14 DAY TRIAL // A team of investigators at the University of Pennsylvania recently determined how the “coffee ring effect” is produced on surfaces. The new discovery could enable the creation of new coating materials, as well as advanced inks and various types of novel paints.
The coffee ring effect is a termed coined to describe the odd way in which color appears to gravitate towards the edges of the rings coffee mugs leave behind on surfaces. This can be seen on tables, kitchen cloths, clothes and small dishes.
Apparently, this type of behavior is dictated by the nature of the particles that are suspended in the mix. In other words, other types of particles – such as for instances in other types of drinks – may not produce the same effect. In either case, coffee does, hence the name.
Details of the new investigation were detailed in the August 18 issue of the top scientific journal Nature. The UP research team that led the investigation was coordinated by expert Arjun Yodh.
“We found that if you change the shape of the particles in the solution, the coffee ring effect goes away, and you end up with a uniform coating,” says UP graduate student Peter Yunker, who was also a member of the research team.
According to fluid dynamics, coffee rings form because fluids tend to flow outwards the edges of a drop of liquid, before it dries up. This force is what gives coffee drops their ring-like appearance in the end, but not all fluids exhibit the same type of chemical reactions while drying up.

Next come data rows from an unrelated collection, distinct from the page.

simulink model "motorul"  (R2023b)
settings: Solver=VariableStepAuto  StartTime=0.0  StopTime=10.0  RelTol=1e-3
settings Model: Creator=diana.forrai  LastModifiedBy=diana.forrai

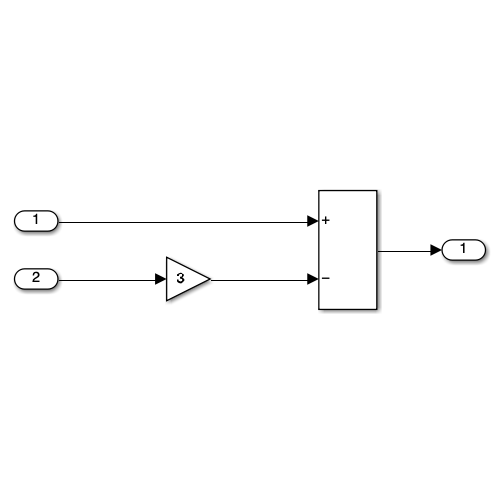
[thumbnail: Simulink's stored preview of the top-level diagram]
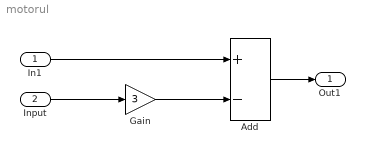
== system motorul ==
  In1 : Inport
  Input : Inport  Port=2
  Add : Sum  Inputs=+-
  Gain : Gain  Gain=3
  Out1 : Outport
  wires:
  Add/1 -> Out1/1
  In1/1 -> Add/1
  Input/1 -> Gain/1
  Gain/1 -> Add/2

Milk, for instance, has the tendency to exert a high level of surface tension on cereals, making them clump together at the middle of a bowl, rather than on the edges. On the other hand, water may form raised droplets because H2O molecules are more likely to interact with each other than with air.
“If you make the particles elongated or ellipsoidal, they deform the air-water interface, which causes the particles to strongly attract one another,” Yunker explains. What the study implies is that elongated particles behave differently than round ones in a liquid.
“This work gives us a new idea about how to make a uniform coating, relatively simply. If you change the particle shape, you can change the way a particle is deposited. You can also make mixtures,” Yodh explains.
“In some cases, even just a small amount of ellipsoids can change the way the particles deposit when they dry,” the investigator concludes. The new study was sponsored by the US National Science Foundation (NSF).